In this guide, we illustrate here two common downstream analysis workflows for ChIP-seq experiments, one is for comparing and combining peaks for single transcription factor (TF) with replicates, and the other is for comparing binding profiles from ChIP-seq experiments with multiple TFs.
This workflow shows how to convert BED/GFF files to GRanges, find overlapping peaks between two peak sets, and visualize the number of common and specific peaks with Venn diagram.
The input for ChIPpeakAnno1 is a list of called peaks identified from ChIP-seq experiments or any other experiments that yield a set of chromosome coordinates. Although peaks are represented as GRanges in ChIPpeakAnno, other common peak formats such as BED, GFF and MACS can be converted to GRanges easily using a conversion toGRanges
method. For detailed information on how to use this method, please type ?toGRanges
.
The following examples illustrate the usage of this method to convert BED and GFF file to GRanges, add metadata from orignal peaks to the overlap GRanges using function addMetadata
, and visualize the overlapping using function makeVennDiagram
.
library(ChIPpeakAnno)
bed <- system.file("extdata", "MACS_output.bed", package="ChIPpeakAnno")
gr1 <- toGRanges(bed, format="BED", header=FALSE)
## one can also try import from rtracklayer
gff <- system.file("extdata", "GFF_peaks.gff", package="ChIPpeakAnno")
gr2 <- toGRanges(gff, format="GFF", header=FALSE, skip=3)
## must keep the class exactly same as gr1$score, i.e., numeric.
gr2$score <- as.numeric(gr2$score)
ol <- findOverlapsOfPeaks(gr1, gr2)
## add metadata (mean of score) to the overlapping peaks
ol <- addMetadata(ol, colNames="score", FUN=mean)

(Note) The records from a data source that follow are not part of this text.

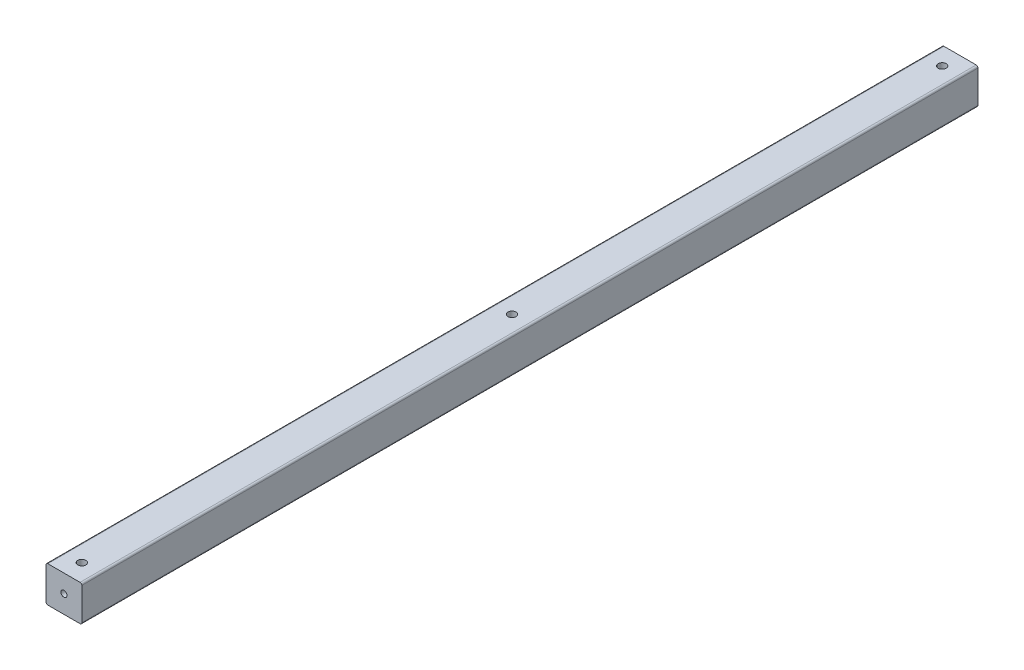
from build123d import *

# Parameters (mm, degrees)
SKETCH1_W                                           = 40
SKETCH1_H                                           = 40
SKETCH1_R                                           = 2.5
BOSS_EXTRUDE1_DEPTH                                 = 500
FILLET1_R                                           = 2
CBORE_FOR_M8_HEX_SOCKET_HEAD_CAP_SCREW1_D           = 9
CBORE_FOR_M8_HEX_SOCKET_HEAD_CAP_SCREW1_CBORE_D     = 15
CBORE_FOR_M8_HEX_SOCKET_HEAD_CAP_SCREW1_CBORE_DEPTH = 8.6


with BuildPart() as part:
    # Sketch1 → Boss-Extrude1 (new, symmetric)
    with BuildSketch(Plane.XY):
        Rectangle(SKETCH1_W, SKETCH1_H)
        Circle(SKETCH1_R, mode=Mode.SUBTRACT)
    extrude(amount=BOSS_EXTRUDE1_DEPTH, both=True)

    # Fillet1
    fillet1_edges = [part.edges().sort_by_distance(p)[0] for p in [
        (20, -20, 0),
        (-20, -20, 0),
        (-20, 20, 0),
        (20, 20, 0),
    ]]
    fillet(fillet1_edges, radius=FILLET1_R)

    # CBORE for M8 Hex Socket Head Cap Screw1 (through all)
    with Locations(Plane(origin=(0, -20, 0), x_dir=(-1, 0, 0), z_dir=(0, -1, 0))):
        with Locations((0, -480), (0, 0), (0, 480)):
            CounterBoreHole(CBORE_FOR_M8_HEX_SOCKET_HEAD_CAP_SCREW1_D / 2, CBORE_FOR_M8_HEX_SOCKET_HEAD_CAP_SCREW1_CBORE_D / 2, CBORE_FOR_M8_HEX_SOCKET_HEAD_CAP_SCREW1_CBORE_DEPTH)

    # Sketch9 → M8x1.25 Tapped Hole1 (revolve, cut)
    with BuildSketch(Plane(origin=(0, 0, 500), x_dir=(0, -1, 0), z_dir=(1, 0, 0))):
        Polygon((0, 0), (0, 29.792926105), (3.4, 27.75), (3.4, 0), align=None)
    m8x1_25_tapped_hole1 = revolve(axis=Axis((0, 0, 506.35), (0, 0, -1)), mode=Mode.SUBTRACT)

    # Mirror1: M8x1.25 Tapped Hole1 across plane
    add(m8x1_25_tapped_hole1.mirror(Plane.XY), mode=Mode.SUBTRACT)


solid = part.part

ol$peaklist[["gr1///gr2"]][1:2]
## GRanges object with 2 ranges and 2 metadata columns:
## seqnames ranges strand | peakNames
## <Rle> <IRanges> <Rle> | <CharacterList>
## [1] chr1 713791-715578 * | gr1__MACS_peak_13,gr2__001,gr2__002
## [2] chr1 724851-727191 * | gr2__003,gr1__MACS_peak_14
## score
## <numeric>
## [1] 850.203
## [2] 29.170
## -------
## seqinfo: 1 sequence from an unspecified genome; no seqlengths
makeVennDiagram(ol, fill=c("#009E73", "#F0E442"), # circle fill color
col=c("#D55E00", "#0072B2"), #circle border color
cat.col=c("#D55E00", "#0072B2")) # label color, keep same as circle border color
## $p.value
## gr1 gr2 pval
## [1,] 1 1 0
##
## $vennCounts
## gr1 gr2 Counts count.gr1 count.gr2
## [1,] 0 0 0 0 0
## [2,] 0 1 61 0 61
## [3,] 1 0 62 62 0
## [4,] 1 1 166 168 169
## attr(,"class")
## [1] "VennCounts"
Annotation data should be an object of GRanges. Same as import peaks, we use the method toGRanges
, which can return an object of GRanges, to represent the annotation data. An annotation data be constructed from not only BED, GFF or user defined readable text files, but also EnsDb or TxDb object, by calling the toGRanges
method. Please type ?toGRanges
for more information.
Note that the version of the annotation data must match with the genome used for mapping because the coordinates may differ for different genome releases. For example, if you are using Mus_musculus.v103 for mapping, you’d best also use EnsDb.Mmusculus.v103 for annotation. For more information about how to prepare the annotation data, please refer ?getAnnotation.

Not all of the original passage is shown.